Rodney Robert Porter

 
Scientist:

Rodney Robert Porter

British biochemist (1917–1985)

Porter was educated at the university in his native city of Liverpool and at Cambridge University, where he was a pupil of Frederick Sanger. After working at the National Institute of Medical Research from 1949 to 1960 he moved to the chair of immunology at St. Mary's Hospital, London. Porter remained there until 1967 when he accepted the post of professor of biochemistry at Oxford.

In 1962 Porter proposed a structure for the important antibody gamma globulin (IgG). Ordinary techniques of protein chemistry revealed that the molecule is built up of four polypeptide chains paired so that the molecule consists of two identical halves, each consisting of one long (or heavy) chain and one short (or light) chain.
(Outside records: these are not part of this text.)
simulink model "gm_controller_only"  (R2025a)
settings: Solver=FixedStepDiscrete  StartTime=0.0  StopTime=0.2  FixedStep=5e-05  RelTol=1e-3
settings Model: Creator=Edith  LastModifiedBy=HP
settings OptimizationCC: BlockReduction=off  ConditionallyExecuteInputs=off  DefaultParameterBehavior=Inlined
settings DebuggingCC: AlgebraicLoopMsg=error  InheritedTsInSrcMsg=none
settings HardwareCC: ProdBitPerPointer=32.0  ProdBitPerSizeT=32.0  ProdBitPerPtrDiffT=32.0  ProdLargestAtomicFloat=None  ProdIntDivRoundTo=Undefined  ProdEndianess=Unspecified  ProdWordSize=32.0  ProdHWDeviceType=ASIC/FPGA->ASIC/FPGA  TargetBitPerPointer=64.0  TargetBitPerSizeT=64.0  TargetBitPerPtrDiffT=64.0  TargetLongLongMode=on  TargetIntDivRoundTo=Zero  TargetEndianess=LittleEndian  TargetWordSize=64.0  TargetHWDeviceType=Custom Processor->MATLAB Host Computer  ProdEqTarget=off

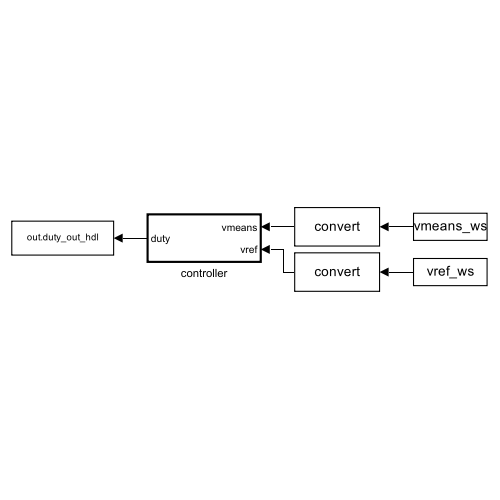
[thumbnail: Simulink's stored preview of the top-level diagram]
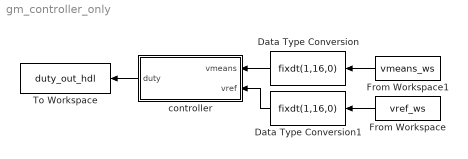
== system gm_controller_only ==
  Data Type Conversion : DataTypeConversion  OutDataTypeStr=fixdt(1,16,0)  SaturateOnIntegerOverflow=off  RndMeth=Floor
  Data Type Conversion1 : DataTypeConversion  OutDataTypeStr=fixdt(1,16,0)  SaturateOnIntegerOverflow=off  RndMeth=Floor
  From Workspace : FromWorkspace  VariableName=vref_ws
  From Workspace1 : FromWorkspace  VariableName=vmeans_ws
  To Workspace : ToWorkspace  VariableName=duty_out_hdl  SampleTime=-1
  controller : Subsystem  TreatAsAtomicUnit=on  SystemSampleTime=5e-5
  wires:
  From Workspace1/1 -> Data Type Conversion/1
  Data Type Conversion1/1 -> controller/2(vref)
  Data Type Conversion/1 -> controller/1(vmeans)
  From Workspace/1 -> Data Type Conversion1/1
  controller/1(duty) -> To Workspace/1

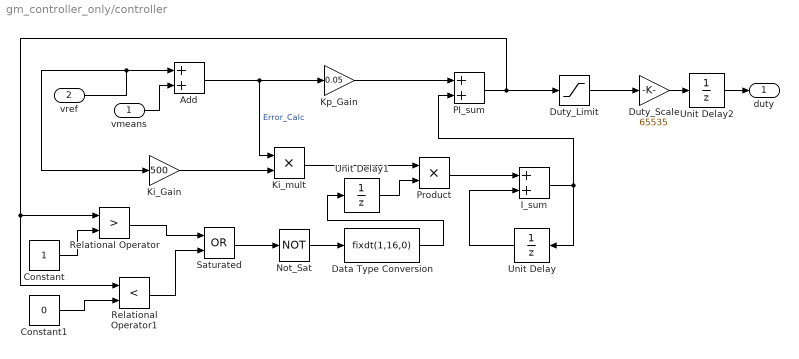
== system gm_controller_only/controller ==
  vmeans : Inport  OutDataTypeStr=fixdt(1,16,0)
  vref : Inport  Port=2
  Add : Sum  OutDataTypeStr=fixdt(1,16,0)  AccumDataTypeStr=fixdt(1,16,0)
  Constant : Constant  OutDataTypeStr=fixdt(1,16,0)  SampleTime=-1
  Constant1 : Constant  Value=0  OutDataTypeStr=fixdt(1,16,0)  SampleTime=-1
  Data Type Conversion : DataTypeConversion  OutDataTypeStr=fixdt(1,16,0)  SaturateOnIntegerOverflow=off  RndMeth=Floor
  Duty_Limit : Saturate  UpperLimit=1  LowerLimit=0  OutDataTypeStr=fixdt(1,16,0)
  Duty_Scale : Gain  Gain=65535  OutDataTypeStr=fixdt(1,16,0)
  I_sum : Sum  OutDataTypeStr=fixdt(1,16,0)  AccumDataTypeStr=fixdt(1,16,0)
  Ki_Gain : Gain  Gain=500  OutDataTypeStr=fixdt(1,16,0)
  Ki_mult : Product  OutDataTypeStr=fixdt(1,16,0)
  Kp_Gain : Gain  Gain=0.05  OutDataTypeStr=fixdt(1,16,0)
  Not_Sat : Logic  Operator=NOT  AllPortsSameDT=off  OutDataTypeStr=boolean
  PI_sum : Sum  OutDataTypeStr=fixdt(1,16,0)  AccumDataTypeStr=fixdt(1,16,0)
  Product : Product  OutDataTypeStr=fixdt(1,16,0)
  Relational Operator : RelationalOperator  Operator=>  OutDataTypeStr=boolean  RndMeth=Simplest  InputSameDT=off
  Relational Operator1 : RelationalOperator  Operator=<  OutDataTypeStr=boolean  RndMeth=Simplest  InputSameDT=off
  Saturated : Logic  Operator=OR  AllPortsSameDT=off  OutDataTypeStr=boolean
  Unit Delay : UnitDelay  SampleTime=5e-5  HasFrameUpgradeWarning=on
  Unit Delay1 : UnitDelay  SampleTime=5e-5  HasFrameUpgradeWarning=on
  Unit Delay2 : UnitDelay  SampleTime=5e-5  HasFrameUpgradeWarning=on
  duty : Outport
  wires:
  Unit Delay2/1 -> duty/1
  Duty_Scale/1 -> Unit Delay2/1
  Data Type Conversion/1 -> Unit Delay1/1
  Unit Delay1/1 -> Product/2
  Constant1/1 -> Relational Operator1/2
  Constant/1 -> Relational Operator/2
  Saturated/1 -> Not_Sat/1
  Relational Operator/1 -> Saturated/1
  Relational Operator1/1 -> Saturated/2
  I_sum/1 -> PI_sum/2, Unit Delay/1
  Duty_Limit/1 -> Duty_Scale/1
  Unit Delay/1 -> I_sum/2
  Ki_mult/1 -> Product/1
  Product/1 -> I_sum/1
  Not_Sat/1 -> Data Type Conversion/1
  PI_sum/1 -> Duty_Limit/1, Relational Operator/1, Relational Operator1/1
  Ki_Gain/1 -> Ki_mult/2
  Kp_Gain/1 -> PI_sum/1
  Add/1 -> Kp_Gain/1, Ki_mult/1  "Error_Calc"
  vmeans/1 -> Add/2
  vref/1 -> Add/1, Ki_Gain/1
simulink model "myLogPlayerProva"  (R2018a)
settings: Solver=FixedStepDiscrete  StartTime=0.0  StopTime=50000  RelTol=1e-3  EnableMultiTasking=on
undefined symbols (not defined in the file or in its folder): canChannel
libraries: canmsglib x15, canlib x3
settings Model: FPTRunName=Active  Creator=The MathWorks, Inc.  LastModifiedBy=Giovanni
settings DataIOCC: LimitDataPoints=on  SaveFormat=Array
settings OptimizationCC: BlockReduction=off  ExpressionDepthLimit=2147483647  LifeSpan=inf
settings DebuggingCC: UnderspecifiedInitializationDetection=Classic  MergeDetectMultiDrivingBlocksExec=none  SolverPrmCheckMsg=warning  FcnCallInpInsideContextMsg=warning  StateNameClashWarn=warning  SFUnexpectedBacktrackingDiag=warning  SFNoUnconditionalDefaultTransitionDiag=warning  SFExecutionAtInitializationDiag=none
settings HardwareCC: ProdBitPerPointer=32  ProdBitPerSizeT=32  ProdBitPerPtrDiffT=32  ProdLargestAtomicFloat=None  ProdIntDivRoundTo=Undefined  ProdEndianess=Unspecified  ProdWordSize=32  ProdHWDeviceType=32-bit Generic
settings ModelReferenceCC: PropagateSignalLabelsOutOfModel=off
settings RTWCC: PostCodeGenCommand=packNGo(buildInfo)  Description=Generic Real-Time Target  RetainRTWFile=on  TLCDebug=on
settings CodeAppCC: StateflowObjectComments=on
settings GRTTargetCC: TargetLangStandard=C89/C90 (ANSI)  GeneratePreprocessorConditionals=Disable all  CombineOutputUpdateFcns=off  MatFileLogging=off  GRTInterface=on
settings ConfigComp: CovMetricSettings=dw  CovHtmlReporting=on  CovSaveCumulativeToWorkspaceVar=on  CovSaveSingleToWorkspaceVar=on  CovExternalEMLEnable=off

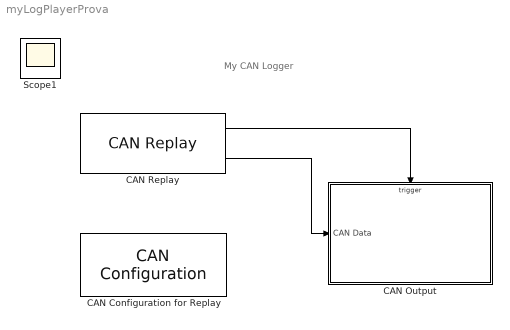
== system myLogPlayerProva ==
  note: My CAN Logger
  CAN Configuration for Replay : canlib/CAN Configuration  BlockHandle=5.0002  DeviceMenu=MathWorks Virtual 1 (Channel 1)  Device=MathWorks Virtual 1 (Channel 1)  ObjConstructor=canChannel('MathWorks', 'Virtual 1', 1)  BusSpeed=500000  EnableBitParameters=off  SJW=0  TSEG1=0  TSEG2=0  NSamples=0  AckMode=Normal
      settings: SourceProductName=Vehicle Network Toolbox  SourceProductBaseCode=VN
  CAN Output : Subsystem  TreatAsAtomicUnit=on
      settings: RTWSystemCode=Nonreusable function
  CAN Replay : canlib/CAN Replay  BlockHandle=121.0005  FullPathFileName=C:\Users\Giovanni\Documents\MATLAB\Maserati\replay.mat  FileName=replay.mat  VariableName=canMsgs  NoTimesReplay=Inf  ReplayTo=Output port  DeviceMenu=Select a device  Device=Select a device  ObjConstructor=canChannel('MathWorks','Virtual 1',1)  SampleTime=0.01  BusOutput=off
      settings: SourceProductName=Vehicle Network Toolbox  SourceProductBaseCode=VN
  Scope1 : Scope
  wires:
  CAN Replay/2 -> CAN Output/1(CAN Data)
  CAN Replay/1 -> CAN Output/Trigger

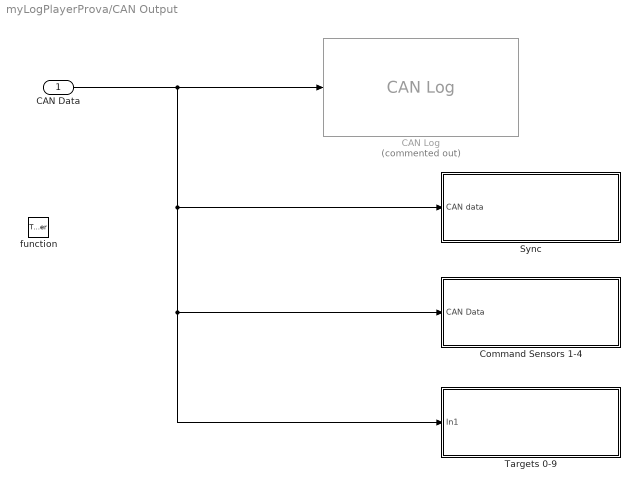
== system myLogPlayerProva/CAN Output ==
  CAN Data : Inport
  function : TriggerPort  TriggerType=function-call  VariantControl=Variant
  CAN Log : canlib/CAN Log  Commented=on  BlockHandle=12.0001  FullPathFileName=outputLog.mat  FileName=outputLog.mat  VariableName=outMsgs  MaxNumMessages=100000  LogFrom=Input port  DeviceMenu=Select a device  Device=Select a device  ObjConstructor=Select a constructor  SampleTime=0.01
      settings: SourceProductName=Vehicle Network Toolbox  SourceProductBaseCode=VN
  Command Sensors 1-4 : Subsystem  VariantControl=Variant1
  Sync : Subsystem
  Targets 0-9 : Subsystem
  wires:
  CAN Data/1 -> CAN Log/1, Sync/1(CAN data), Targets 0-9/1(In1), Command Sensors 1-4/1(CAN Data)

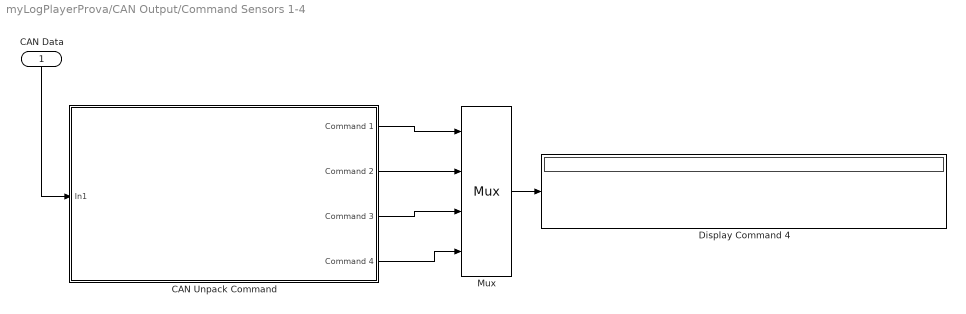
== system myLogPlayerProva/CAN Output/Command Sensors 1-4 ==
  CAN Data : Inport
  CAN Unpack Command : Subsystem
  Display Command 4 : Display
      settings: Format=hex (Stored Integer)
  Mux : Mux
  wires:
  CAN Data/1 -> CAN Unpack Command/1(In1)
  CAN Unpack Command/1(Command 1) -> Mux/1
  CAN Unpack Command/2(Command 2) -> Mux/2
  CAN Unpack Command/3(Command 3) -> Mux/3
  CAN Unpack Command/4(Command 4) -> Mux/4
  Mux/1 -> Display Command 4/1

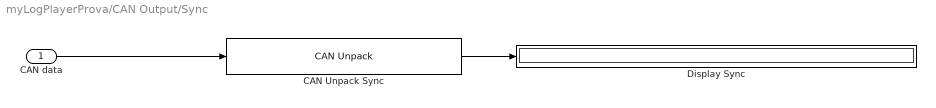
== system myLogPlayerProva/CAN Output/Sync ==
  CAN data : Inport
  CAN Unpack Sync : canmsglib/CAN Unpack  CANdbFile=VehicleInfo.dbc  MsgList=WheelSpeeds  MsgName=Sync  MsgIDType=Standard (11-bit identifier)  MsgIdentifier=hex2dec('100')  MsgLength=8  SignalInfo=LF_WSpeed$8$16$2$2$1$0$1.000000e-02$-100$0$2000$#LR_WSpeed$40$16$2$2$1$0$1.000000e-02$-100$0$2000$#RF_WSpeed$24$16$2$2$1$0$1.000000e-02$-100$0$2000$#RR_WSpeed$56$16$2$2$1$0$1.000000e-02$-100$0$2000$#  NSignals=4  IDPort=off  TimestampPort=off  ErrorPort=off  RemotePort=off  LengthPort=off  StatusPort=off  StartBits=str2num('[int32(8);int32(40);int32(24);int32(56)]')  SignalSizes=str2num('[int32(16);int32(16);int32(16);int32(16)]')  ByteOrders=str2num('[int32(2);int32(2);int32(2);int32(2)]')  DataTypes=str2num('[int32(2);int32(2);int32(2);int32(2)]')  MultiplexTypes=str2num('[int32(1);int32(1);int32(1);int32(1)]')  MultiplexValues=str2num('[double(0);double(0);double(0);double(0)]')  Factors=str2num('[double(1.000000e-02);double(1.000000e-02);double(1.000000e-02);double(1.000000e-02)]')  Offsets=str2num('[double(-100);double(-100);double(-100);double(-100)]')  Minimums=str2num('[double(0);double(0);double(0);double(0)]')  Maximums=str2num('[double(2000);double(2000);double(2000);double(2000)]')  ApplyMinMax=off
      settings: SourceProductName=Simulink Real-Time  SourceProductBaseCode=XP  DataFormat=raw data
  Display Sync : Display
      settings: Format=hex (Stored Integer)
  wires:
  CAN Unpack Sync/1 -> Display Sync/1
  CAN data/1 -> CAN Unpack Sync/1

Further evidence was obtained by splitting the molecule with the enzyme papain. This split IgG into three large fragments, two similar to each other known as Fab (fragment antigen binding) and still capable of combining with antigen, and a crystalline fragment known as Fc (fragment crystalline) without any activity. This immediately suggested to Porter that, because crystals only form easily from identical molecules, the halves of the heavy chain that make up the Fc fragment are probably the same in all molecules. Thus the complexity is mainly in the Fab fragments where the combining sites are found.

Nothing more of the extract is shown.